Page MenuHomePhabricator

Make PropertyLabelResolver that uses ElasticSearch
Closed, DeclinedPublic

Description

Currently the only PropertyLabelResolver implementation is TermPropertyLabelResolver, which uses SQL database to look up properties. We should use have PropertyLabelResolver implementation that uses CirrusSearch and ElasticSearch for searching/selecting properties, if available.

Note: This service is used from Lua/ parser functions, so fast response times are needed. If we can't move this to Cirrus, we can surely find another solution.

Event Timeline

I am not sure TermPropertyLabelResolver per se should use Cirrus (since it gets TermIndex as parameter) but we certainly can have PropertyLabelResolver that uses Cirrus. Unless of course we make TermIndex implementation that uses Cirrus? That may be possible too I imagine.

See however T177453: Add wikibase client support for searching wikidata items - right now we might have an issue using Cirrus for Wikibase from WikibaseClient. I think if we want to use this for Lua we have to implement it?
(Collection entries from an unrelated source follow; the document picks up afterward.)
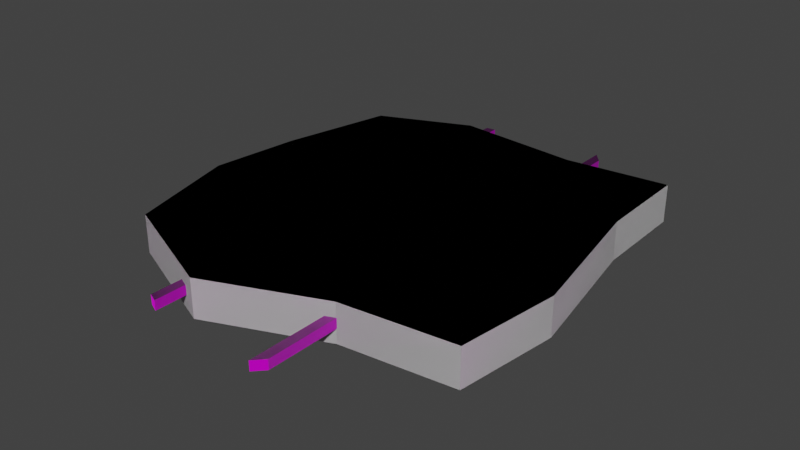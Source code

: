 # Source: rubble_section_001.blend  (saved by Blender 4.1.24; exported with 4.5.12 LTS)
import bpy
from mathutils import Matrix  # noqa: F401  (used for matrix-valued properties, if any)

bpy.ops.wm.read_factory_settings(use_empty=True)
scene = bpy.context.scene
scene.name = 'Scene'

# ---- images (referenced by path relative to the original .blend; pixels are not part of the script)
import os
ASSET_DIR = os.environ.get("B2B_ASSET_DIR", "")  # directory of the original .blend (textures are referenced by path, not embedded)
HERE = os.path.dirname(os.path.abspath(__file__))  # packed textures are extracted next to this script under _unpacked/

def load_image(name, relpath, width, height, colorspace="sRGB"):
    """Load a texture the original file referenced (path relative to the .blend, or extracted next to this script)."""
    p = next((c for c in (os.path.join(HERE, relpath), os.path.join(ASSET_DIR, relpath)) if relpath and os.path.exists(c)), "")
    if p:
        img = bpy.data.images.load(p, check_existing=True)
        img.name = name
    else:  # same state as the original file: an image datablock whose file is absent (Cycles renders it pink)
        img = bpy.data.images.new(name, width, height)
        img.source = "FILE"
        img.filepath = "//" + (relpath or name)
    img.colorspace_settings.name = colorspace
    return img
img_concrete043b_1k_jpg_color_jpg_001 = load_image('Concrete043B_1K-JPG_Color.jpg.001', 'Concrete043B_1K-JPG_Color.jpg', 1024, 1024, 'sRGB')
img_concrete043b_1k_jpg_metalness_jpg_001 = load_image('Concrete043B_1K-JPG_Metalness.jpg.001', 'Concrete043B_1K-JPG_Metalness.jpg', 1024, 1024, 'Non-Color')
img_concrete043b_1k_jpg_roughness_jpg_001 = load_image('Concrete043B_1K-JPG_Roughness.jpg.001', 'Concrete043B_1K-JPG_Roughness.jpg', 1024, 1024, 'Non-Color')
img_concrete043b_1k_jpg_normalgl_jpg_001 = load_image('Concrete043B_1K-JPG_NormalGL.jpg.001', 'Concrete043B_1K-JPG_NormalGL.jpg', 1024, 1024, 'Non-Color')
img_metal023_1k_jpg_color_jpg = load_image('Metal023_1K-JPG_Color.jpg', 'Metal023_1K-JPG_Color.jpg', 1024, 1024, 'sRGB')
img_metal023_1k_jpg_metalness_jpg = load_image('Metal023_1K-JPG_Metalness.jpg', 'Metal023_1K-JPG_Metalness.jpg', 1024, 1024, 'Non-Color')
img_metal023_1k_jpg_roughness_jpg = load_image('Metal023_1K-JPG_Roughness.jpg', 'Metal023_1K-JPG_Roughness.jpg', 1024, 1024, 'Non-Color')
img_metal023_1k_jpg_normalgl_jpg = load_image('Metal023_1K-JPG_NormalGL.jpg', 'Metal023_1K-JPG_NormalGL.jpg', 1024, 1024, 'Non-Color')

# ---- materials (node trees are filled in below, after node groups)
mat_concrete = bpy.data.materials.new('Concrete')
mat_concrete.use_transparent_shadow = False
mat_steel = bpy.data.materials.new('Steel')
mat_steel.use_transparent_shadow = False

# ---- material node trees
mat_concrete.use_nodes = True; mat_concrete.node_tree.nodes.clear()
_N = mat_concrete.node_tree.nodes; _L = mat_concrete.node_tree.links
n0 = _N.new('NodeFrame'); n0.name = 'Frame'; n0.location = (-1270, 340)
n0.label = 'Mapping'
n0.width = 400
n1 = _N.new('NodeFrame'); n1.name = 'Frame.001'; n1.location = (-628, 540)
n1.label = 'Textures'
n1.width = 358
n2 = _N.new('ShaderNodeOutputMaterial'); n2.name = 'Material Output'; n2.location = (300, 300)
n3 = _N.new('ShaderNodeBsdfPrincipled'); n3.name = 'Principled BSDF'; n3.location = (10, 300)
n3.distribution = 'GGX'
n3.subsurface_method = 'RANDOM_WALK_SKIN'
n3.inputs[3].default_value = 1.45
n3.inputs[27].default_value = (0.0, 0.0, 0.0, 1.0)
n3.inputs[28].default_value = 1.0
n4 = _N.new('ShaderNodeTexImage'); n4.name = 'Image Texture'; n4.location = (88, -40)
n4.label = 'Base Color'
n4.image = img_concrete043b_1k_jpg_color_jpg_001
n5 = _N.new('ShaderNodeTexImage'); n5.name = 'Image Texture.001'; n5.location = (88, -320)
n5.label = 'Metallic'
n5.image = img_concrete043b_1k_jpg_metalness_jpg_001
n6 = _N.new('ShaderNodeTexImage'); n6.name = 'Image Texture.002'; n6.location = (88, -600)
n6.label = 'Roughness'
n6.image = img_concrete043b_1k_jpg_roughness_jpg_001
n7 = _N.new('ShaderNodeTexImage'); n7.name = 'Image Texture.003'; n7.location = (88, -880)
n7.label = 'Normal'
n7.image = img_concrete043b_1k_jpg_normalgl_jpg_001
n8 = _N.new('ShaderNodeNormalMap'); n8.name = 'Normal Map'; n8.location = (-240, -340)
n9 = _N.new('ShaderNodeMapping'); n9.name = 'Mapping'; n9.location = (230, -40)
n10 = _N.new('NodeReroute'); n10.name = 'Reroute'; n10.location = (38, -596)
n10.width = 16
n10.socket_idname = 'NodeSocketVector'
n11 = _N.new('ShaderNodeTexCoord'); n11.name = 'Texture Coordinate'; n11.location = (30, -40)
n12 = _N.new('ShaderNodeValue'); n12.name = 'Value'; n12.location = (45, -324)
n12.outputs[0].default_value = 5.0
n4.parent = n1
n5.parent = n1
n6.parent = n1
n7.parent = n1
n9.parent = n0
n10.parent = n1
n11.parent = n0
n12.parent = n0
_L.new(n3.outputs[0], n2.inputs[0])
_L.new(n4.outputs[0], n3.inputs[0])
_L.new(n5.outputs[0], n3.inputs[1])
_L.new(n6.outputs[0], n3.inputs[2])
_L.new(n7.outputs[0], n8.inputs[1])
_L.new(n8.outputs[0], n3.inputs[5])
_L.new(n10.outputs[0], n4.inputs[0])
_L.new(n10.outputs[0], n5.inputs[0])
_L.new(n10.outputs[0], n6.inputs[0])
_L.new(n10.outputs[0], n7.inputs[0])
_L.new(n9.outputs[0], n10.inputs[0])
_L.new(n11.outputs[2], n9.inputs[0])
_L.new(n12.outputs[0], n9.inputs[3])
n2.is_active_output = True
mat_steel.use_nodes = True; mat_steel.node_tree.nodes.clear()
_N = mat_steel.node_tree.nodes; _L = mat_steel.node_tree.links
n0 = _N.new('ShaderNodeOutputMaterial'); n0.name = 'Material Output'; n0.location = (300, 300)
n1 = _N.new('ShaderNodeBsdfPrincipled'); n1.name = 'Principled BSDF'; n1.location = (10, 300)
n1.inputs[3].default_value = 1.45
n2 = _N.new('ShaderNodeTexImage'); n2.name = 'Image Texture'; n2.location = (88, -40)
n2.label = 'Base Color'
n2.image = img_metal023_1k_jpg_color_jpg
n3 = _N.new('ShaderNodeTexImage'); n3.name = 'Image Texture.001'; n3.location = (88, -320)
n3.label = 'Metallic'
n3.image = img_metal023_1k_jpg_metalness_jpg
n4 = _N.new('ShaderNodeTexImage'); n4.name = 'Image Texture.002'; n4.location = (88, -600)
n4.label = 'Roughness'
n4.image = img_metal023_1k_jpg_roughness_jpg
n5 = _N.new('ShaderNodeTexImage'); n5.name = 'Image Texture.003'; n5.location = (88, -880)
n5.label = 'Normal'
n5.image = img_metal023_1k_jpg_normalgl_jpg
n6 = _N.new('ShaderNodeNormalMap'); n6.name = 'Normal Map'; n6.location = (-240, -340)
n7 = _N.new('ShaderNodeMapping'); n7.name = 'Mapping'; n7.location = (230, -40)
n8 = _N.new('NodeReroute'); n8.name = 'Reroute'; n8.location = (38, -596)
n8.width = 16
n8.socket_idname = 'NodeSocketVector'
n9 = _N.new('ShaderNodeTexCoord'); n9.name = 'Texture Coordinate'; n9.location = (30, -40)
n10 = _N.new('NodeFrame'); n10.name = 'Frame'; n10.location = (-1270, 340)
n10.label = 'Mapping'
n10.width = 400
n11 = _N.new('NodeFrame'); n11.name = 'Frame.001'; n11.location = (-628, 540)
n11.label = 'Textures'
n11.width = 358
n2.parent = n11
n3.parent = n11
n4.parent = n11
n5.parent = n11
n7.parent = n10
n8.parent = n11
n9.parent = n10
_L.new(n1.outputs[0], n0.inputs[0])
_L.new(n2.outputs[0], n1.inputs[0])
_L.new(n3.outputs[0], n1.inputs[1])
_L.new(n4.outputs[0], n1.inputs[2])
_L.new(n5.outputs[0], n6.inputs[1])
_L.new(n6.outputs[0], n1.inputs[5])
_L.new(n8.outputs[0], n2.inputs[0])
_L.new(n8.outputs[0], n3.inputs[0])
_L.new(n8.outputs[0], n4.inputs[0])
_L.new(n8.outputs[0], n5.inputs[0])
_L.new(n7.outputs[0], n8.inputs[0])
_L.new(n9.outputs[2], n7.inputs[0])
n0.is_active_output = True

# ---- world
world_world = bpy.data.worlds.new('World'); scene.world = world_world
world_world.use_nodes = True; world_world.node_tree.nodes.clear()
_N = world_world.node_tree.nodes; _L = world_world.node_tree.links
n0 = _N.new('ShaderNodeOutputWorld'); n0.name = 'World Output'; n0.location = (300, 300)
n1 = _N.new('ShaderNodeBackground'); n1.name = 'Background'; n1.location = (10, 300)
n1.inputs[0].default_value = (0.05088, 0.05088, 0.05088, 1.0)
n1.inputs[1].default_value = 0.9
_L.new(n1.outputs[0], n0.inputs[0])
n0.is_active_output = True
world_world.color = (0.05088, 0.05088, 0.05088)
world_world.use_sun_shadow = False
world_world.sun_shadow_jitter_overblur = 0.0

# ---- meshes
me_cube_004 = bpy.data.meshes.new('Cube.004')
me_cube_004.from_pydata([(-0.8178, 0.7112, -0.1), (-0.8453, -0.9209, -0.1), (-0.8178, 0.7112, 0.1), (-0.8453, -0.9209, 0.1), (0.8522, 0.9106, -0.1), (0.9347, -0.8659, -0.1), (0.8522, 0.9106, 0.1), (0.9347, -0.8659, 0.1), (-0.945, 0.1339, -0.1), (-1.0, -0.3333, -0.1), (-1.0, -0.3333, 0.1), (-0.945, 0.1339, 0.1), (1.0, -0.3333, 0.1), (0.8625, 0.4055, 0.1), (1.0, -0.3333, -0.1), (0.8625, 0.4055, -0.1), (0.3127, 0.8556, 0.1), (-0.3436, 0.914, 0.1), (-0.2371, -1.175, 0.1), (0.3574, -0.9312, 0.1), (-0.3436, 0.914, -0.1), (0.3127, 0.8556, -0.1), (0.3574, -0.9312, -0.1), (-0.2371, -1.175, -0.1), (0.3333, 0.3333, -0.1), (-0.3333, 0.3333, -0.1), (0.3333, -0.3333, -0.1), (-0.3333, -0.3333, -0.1), (-0.3333, 0.3333, 0.1), (0.3333, 0.3333, 0.1), (-0.3333, -0.3333, 0.1), (0.3333, -0.3333, 0.1), (-0.31, -1.311, 0.025), (-0.36, -1.289, -0.025), (-0.31, -1.311, -0.025), (-0.36, -1.289, 0.025), (-0.36, 1.097, -0.025), (-0.31, 1.103, 0.025), (-0.31, 1.103, -0.025), (-0.36, 1.097, 0.025), (0.36, -1.312, 0.025), (0.31, -1.365, -0.025), (0.36, -1.312, -0.025), (0.31, -1.365, 0.025), (0.31, 1.162, -0.025), (0.36, 1.102, 0.025), (0.36, 1.102, -0.025), (0.31, 1.162, 0.025)], [], [(9, 1, 3, 10), (31, 19, 7, 12), (12, 7, 5, 14), (27, 23, 1, 9), (16, 6, 4, 21), (18, 3, 1, 23), (20, 25, 8, 0), (25, 27, 9, 8), (6, 13, 15, 4), (13, 12, 14, 15), (16, 29, 13, 6), (29, 31, 12, 13), (0, 8, 11, 2), (8, 9, 10, 11), (11, 10, 30, 28), (28, 30, 31, 29), (2, 11, 28, 17), (17, 28, 29, 16), (15, 14, 26, 24), (24, 26, 27, 25), (4, 15, 24, 21), (21, 24, 25, 20), (7, 19, 22, 5), (19, 18, 23, 22), (2, 17, 20, 0), (17, 16, 21, 20), (14, 5, 22, 26), (26, 22, 23, 27), (10, 3, 18, 30), (30, 18, 19, 31), (38, 37, 32, 34), (37, 39, 35, 32), (36, 38, 34, 33), (39, 36, 33, 35), (37, 38, 36, 39), (46, 45, 40, 42), (45, 47, 43, 40), (44, 46, 42, 41), (47, 44, 41, 43), (45, 46, 44, 47), (42, 40, 43, 41), (34, 32, 35, 33)])
me_cube_004.polygons.foreach_set('material_index', [0, 0, 0, 0, 0, 0, 0, 0, 0, 0, 0, 0, 0, 0, 0, 0, 0, 0, 0, 0, 0, 0, 0, 0, 0, 0, 0, 0, 0, 0, 1, 1, 1, 1, 1, 1, 1, 1, 1, 1, 1, 1])
_uv = me_cube_004.uv_layers.new(name='UVMap')
_uv.uv.foreach_set('vector', [0.26, 0.8546, 0.261, 0.7715, 0.2883, 0.7718, 0.2874, 0.8549, 0.4589, 0.1831, 0.5416, 0.1781, 0.5404, 0.2588, 0.4676, 0.2749, 0.2922, 0.4412, 0.2913, 0.5145, 0.264, 0.5142, 0.2649, 0.4408, 0.1159, 0.09046, 0.0, 0.08878, 0.04563, 0.01016, 0.1289, 6.474e-08, 0.2954, 0.1938, 0.2942, 0.2694, 0.2668, 0.2691, 0.2674, 0.1935, 0.2894, 0.6817, 0.2883, 0.7718, 0.261, 0.7715, 0.2621, 0.6814, 0.2709, 0.1122, 0.2036, 0.1027, 0.1917, 0.01676, 0.2676, 0.04938, 0.2036, 0.1027, 0.1159, 0.09046, 0.1289, 6.474e-08, 0.1917, 0.01676, 0.2942, 0.2694, 0.2934, 0.3384, 0.266, 0.3381, 0.2668, 0.2691, 0.2934, 0.3384, 0.2922, 0.4412, 0.2649, 0.4408, 0.266, 0.3381, 0.2954, 0.1938, 0.3677, 0.1917, 0.3639, 0.2652, 0.2942, 0.2694, 0.3677, 0.1917, 0.4589, 0.1831, 0.4676, 0.2749, 0.3639, 0.2652, 0.2584, 0.9997, 0.2593, 0.9189, 0.2866, 0.9192, 0.2857, 1.0, 0.2593, 0.9189, 0.26, 0.8546, 0.2874, 0.8549, 0.2866, 0.9192, 0.3735, 0.01609, 0.4377, 3.237e-08, 0.4495, 0.09203, 0.3606, 0.1031, 0.3606, 0.1031, 0.4495, 0.09203, 0.4589, 0.1831, 0.3677, 0.1917, 0.2957, 0.04886, 0.3735, 0.01609, 0.3606, 0.1031, 0.2933, 0.1123, 0.2933, 0.1123, 0.3606, 0.1031, 0.3677, 0.1917, 0.2954, 0.1938, 0.1979, 0.2633, 0.09491, 0.2713, 0.105, 0.1805, 0.1955, 0.1903, 0.1955, 0.1903, 0.105, 0.1805, 0.1159, 0.09046, 0.2036, 0.1027, 0.2668, 0.2691, 0.1979, 0.2633, 0.1955, 0.1903, 0.2674, 0.1935, 0.2674, 0.1935, 0.1955, 0.1903, 0.2036, 0.1027, 0.2709, 0.1122, 0.2913, 0.5145, 0.2904, 0.5939, 0.2631, 0.5936, 0.264, 0.5142, 0.2904, 0.5939, 0.2894, 0.6817, 0.2621, 0.6814, 0.2631, 0.5936, 0.2957, 0.04886, 0.2933, 0.1123, 0.2709, 0.1122, 0.2676, 0.04938, 0.2933, 0.1123, 0.2954, 0.1938, 0.2674, 0.1935, 0.2709, 0.1122, 0.09491, 0.2713, 0.02311, 0.2541, 0.02326, 0.1742, 0.105, 0.1805, 0.105, 0.1805, 0.02326, 0.1742, 0.0, 0.08878, 0.1159, 0.09046, 0.4377, 3.237e-08, 0.522, 0.01173, 0.5668, 0.09223, 0.4495, 0.09203, 0.4495, 0.09203, 0.5668, 0.09223, 0.5416, 0.1781, 0.4589, 0.1831, 5.916e-09, 0.02003, 0.01985, 0.02003, 0.01985, 0.9784, 0.0, 0.9784, 0.01985, 0.02003, 0.0397, 0.02272, 0.0397, 0.97, 0.01985, 0.9784, 0.05955, 0.02272, 0.07941, 0.02003, 0.07941, 0.9784, 0.05955, 0.97, 0.0397, 0.02272, 0.05955, 0.02272, 0.05955, 0.97, 0.0397, 0.97, 0.01985, 0.02003, 5.916e-09, 0.02003, 5.916e-09, 0.0, 0.01985, 0.0, 7.373e-10, 0.03023, 0.0195, 0.03023, 0.0195, 0.9716, 0.0, 0.9716, 0.0195, 0.03023, 0.039, 0.007129, 0.039, 0.9923, 0.0195, 0.9716, 0.05849, 0.007129, 0.07799, 0.03023, 0.07799, 0.9716, 0.05849, 0.9923, 0.039, 0.007129, 0.05849, 0.007129, 0.05849, 0.9923, 0.039, 0.9923, 0.0195, 0.03023, 7.373e-10, 0.03023, 0.0, 0.0, 0.0195, 4.719e-08, 0.0, 0.9716, 0.0195, 0.9716, 0.0195, 1.0, 0.0, 1.0, 0.0, 0.9784, 0.01985, 0.9784, 0.01985, 1.0, 5.916e-09, 1.0])
me_cube_004.materials.append(mat_concrete)
me_cube_004.materials.append(mat_steel)
me_cube_004.update()
me_cube_001 = bpy.data.meshes.new('Cube.001')
me_cube_001.from_pydata([(-0.8178, 0.7112, -0.1), (-0.8453, -0.9209, -0.1), (-0.8178, 0.7112, 0.1), (-0.8453, -0.9209, 0.1), (0.8522, 0.9106, -0.1), (0.9347, -0.8659, -0.1), (0.8522, 0.9106, 0.1), (0.9347, -0.8659, 0.1), (-0.945, 0.1339, -0.1), (-1.0, -0.3333, -0.1), (-1.0, -0.3333, 0.1), (-0.945, 0.1339, 0.1), (1.0, -0.3333, 0.1), (0.8625, 0.4055, 0.1), (1.0, -0.3333, -0.1), (0.8625, 0.4055, -0.1), (0.3127, 0.8556, 0.1), (-0.3436, 0.914, 0.1), (-0.2371, -1.175, 0.1), (0.3574, -0.9312, 0.1), (-0.3436, 0.914, -0.1), (0.3127, 0.8556, -0.1), (0.3574, -0.9312, -0.1), (-0.2371, -1.175, -0.1), (0.3333, 0.3333, -0.1), (-0.3333, 0.3333, -0.1), (0.3333, -0.3333, -0.1), (-0.3333, -0.3333, -0.1), (-0.3333, 0.3333, 0.1), (0.3333, 0.3333, 0.1), (-0.3333, -0.3333, 0.1), (0.3333, -0.3333, 0.1)], [], [(9, 1, 3, 10), (31, 19, 7, 12), (12, 7, 5, 14), (27, 23, 1, 9), (16, 6, 4, 21), (18, 3, 1, 23), (20, 25, 8, 0), (25, 27, 9, 8), (6, 13, 15, 4), (13, 12, 14, 15), (16, 29, 13, 6), (29, 31, 12, 13), (0, 8, 11, 2), (8, 9, 10, 11), (11, 10, 30, 28), (28, 30, 31, 29), (2, 11, 28, 17), (17, 28, 29, 16), (15, 14, 26, 24), (24, 26, 27, 25), (4, 15, 24, 21), (21, 24, 25, 20), (7, 19, 22, 5), (19, 18, 23, 22), (2, 17, 20, 0), (17, 16, 21, 20), (14, 5, 22, 26), (26, 22, 23, 27), (10, 3, 18, 30), (30, 18, 19, 31)])
_uv = me_cube_001.uv_layers.new(name='UVMap')
_uv.uv.foreach_set('vector', [0.26, 0.8546, 0.261, 0.7715, 0.2883, 0.7718, 0.2874, 0.8549, 0.4589, 0.1831, 0.5416, 0.1781, 0.5404, 0.2588, 0.4676, 0.2749, 0.2922, 0.4412, 0.2913, 0.5145, 0.264, 0.5142, 0.2649, 0.4408, 0.1159, 0.09046, 0.0, 0.08878, 0.04563, 0.01016, 0.1289, 6.474e-08, 0.2954, 0.1938, 0.2942, 0.2694, 0.2668, 0.2691, 0.2674, 0.1935, 0.2894, 0.6817, 0.2883, 0.7718, 0.261, 0.7715, 0.2621, 0.6814, 0.2709, 0.1122, 0.2036, 0.1027, 0.1917, 0.01676, 0.2676, 0.04938, 0.2036, 0.1027, 0.1159, 0.09046, 0.1289, 6.474e-08, 0.1917, 0.01676, 0.2942, 0.2694, 0.2934, 0.3384, 0.266, 0.3381, 0.2668, 0.2691, 0.2934, 0.3384, 0.2922, 0.4412, 0.2649, 0.4408, 0.266, 0.3381, 0.2954, 0.1938, 0.3677, 0.1917, 0.3639, 0.2652, 0.2942, 0.2694, 0.3677, 0.1917, 0.4589, 0.1831, 0.4676, 0.2749, 0.3639, 0.2652, 0.2584, 0.9997, 0.2593, 0.9189, 0.2866, 0.9192, 0.2857, 1.0, 0.2593, 0.9189, 0.26, 0.8546, 0.2874, 0.8549, 0.2866, 0.9192, 0.3735, 0.01609, 0.4377, 3.237e-08, 0.4495, 0.09203, 0.3606, 0.1031, 0.3606, 0.1031, 0.4495, 0.09203, 0.4589, 0.1831, 0.3677, 0.1917, 0.2957, 0.04886, 0.3735, 0.01609, 0.3606, 0.1031, 0.2933, 0.1123, 0.2933, 0.1123, 0.3606, 0.1031, 0.3677, 0.1917, 0.2954, 0.1938, 0.1979, 0.2633, 0.09491, 0.2713, 0.105, 0.1805, 0.1955, 0.1903, 0.1955, 0.1903, 0.105, 0.1805, 0.1159, 0.09046, 0.2036, 0.1027, 0.2668, 0.2691, 0.1979, 0.2633, 0.1955, 0.1903, 0.2674, 0.1935, 0.2674, 0.1935, 0.1955, 0.1903, 0.2036, 0.1027, 0.2709, 0.1122, 0.2913, 0.5145, 0.2904, 0.5939, 0.2631, 0.5936, 0.264, 0.5142, 0.2904, 0.5939, 0.2894, 0.6817, 0.2621, 0.6814, 0.2631, 0.5936, 0.2957, 0.04886, 0.2933, 0.1123, 0.2709, 0.1122, 0.2676, 0.04938, 0.2933, 0.1123, 0.2954, 0.1938, 0.2674, 0.1935, 0.2709, 0.1122, 0.09491, 0.2713, 0.02311, 0.2541, 0.02326, 0.1742, 0.105, 0.1805, 0.105, 0.1805, 0.02326, 0.1742, 0.0, 0.08878, 0.1159, 0.09046, 0.4377, 3.237e-08, 0.522, 0.01173, 0.5668, 0.09223, 0.4495, 0.09203, 0.4495, 0.09203, 0.5668, 0.09223, 0.5416, 0.1781, 0.4589, 0.1831])
me_cube_001.update()

# ---- objects
ob_rubble_section_001 = bpy.data.objects.new('rubble_section_001', me_cube_004)
ob_rubble_section_001__colonly = bpy.data.objects.new('rubble_section_001 -colonly', me_cube_001)

# ---- transforms, parenting, visibility, modifiers, constraints
ob_rubble_section_001.location = (0.0, 0.0, 0.0)
ob_rubble_section_001__colonly.parent = ob_rubble_section_001
ob_rubble_section_001__colonly.location = (0.0, 0.0, 0.0)

# ---- collection membership
scene.collection.objects.link(ob_rubble_section_001)
scene.collection.objects.link(ob_rubble_section_001__colonly)

# ---- scene / render settings (as saved in the file)
scene.frame_start = 1; scene.frame_end = 250; scene.frame_set(1)
scene.render.engine = 'BLENDER_EEVEE_NEXT'
scene.cycles.sampling_pattern = 'TABULATED_SOBOL'
scene.eevee.ray_tracing_options.trace_max_roughness = 0.0
scene.view_settings.view_transform = 'Filmic'
bpy.context.view_layer.update()

# ---- added for rendering (the .blend has no active camera and no usable light): camera, sun
cam_auto = bpy.data.cameras.new('AutoCamera')
cam_auto.lens = 50.0
cam_auto.sensor_width = 36.0
cam_auto.clip_end = 1000.0
ob_auto_camera = bpy.data.objects.new('AutoCamera', cam_auto)
scene.collection.objects.link(ob_auto_camera)
ob_auto_camera.location = (2.98695, -3.68587, 2.38956)
ob_auto_camera.rotation_euler = (1.09748, -7.21219e-08, 0.694738)
scene.camera = ob_auto_camera
light_auto_sun = bpy.data.lights.new('AutoSun', 'SUN')
light_auto_sun.energy = 3.0
light_auto_sun.angle = 0.0523599
ob_auto_sun = bpy.data.objects.new('AutoSun', light_auto_sun)
scene.collection.objects.link(ob_auto_sun)
ob_auto_sun.rotation_euler = (0.872665, 0.174533, 0.523599)
bpy.context.view_layer.update()

Vvjjkkii renamed this task from Make "TermPropertyLabelResolver" use Cirrus to gedaaaaaaa.Jul 1 2018, 1:11 AM
Vvjjkkii triaged this task as High priority.
Vvjjkkii updated the task description. (Show Details)
Vvjjkkii removed a subscriber: Aklapper.
CommunityTechBot renamed this task from gedaaaaaaa to Make "TermPropertyLabelResolver" use Cirrus.Jul 1 2018, 3:39 PM
CommunityTechBot raised the priority of this task from High to Needs Triage.
CommunityTechBot updated the task description. (Show Details)
CommunityTechBot added a subscriber: Aklapper.
Addshore subscribed.

The campsite isn't going to immediately work on this, this should probably be decided by Wikidata-Ugly-Cat-Trailblaze (wb_terms trail blazing)

Smalyshev renamed this task from Make "TermPropertyLabelResolver" use Cirrus to Make PropertyLabelResolver that uses ElasticSearch.Aug 15 2018, 12:35 AM
Smalyshev updated the task description. (Show Details)

Looking at TermPropertyLabelResolver, I see that it loads all properties into memory and caches it (for all languages). Should we keep doing this for ElasticSearch? Should we have separate caches for each language? Note that right now we cache full PropertyId object for every label in every language, which may not be the most efficient way of doing it. OTOH, since there are only about 5000 properties now, maybe it doesn't matter too much.

Also, do we want:

  1. Keep segregation between languages? I.e. eswiki won't match "instance of" because it's "instancia de" in Spanish, and vice versa?
  2. Only exact match or some leeway in how the label is matched (i.e. case folding, normalization, etc.)? This may make caching much harder though.
WMDE-leszek subscribed.

We do not need this at this moment. I guess that means declined. We might re-open, or create a new ticket, when we need implementation like this.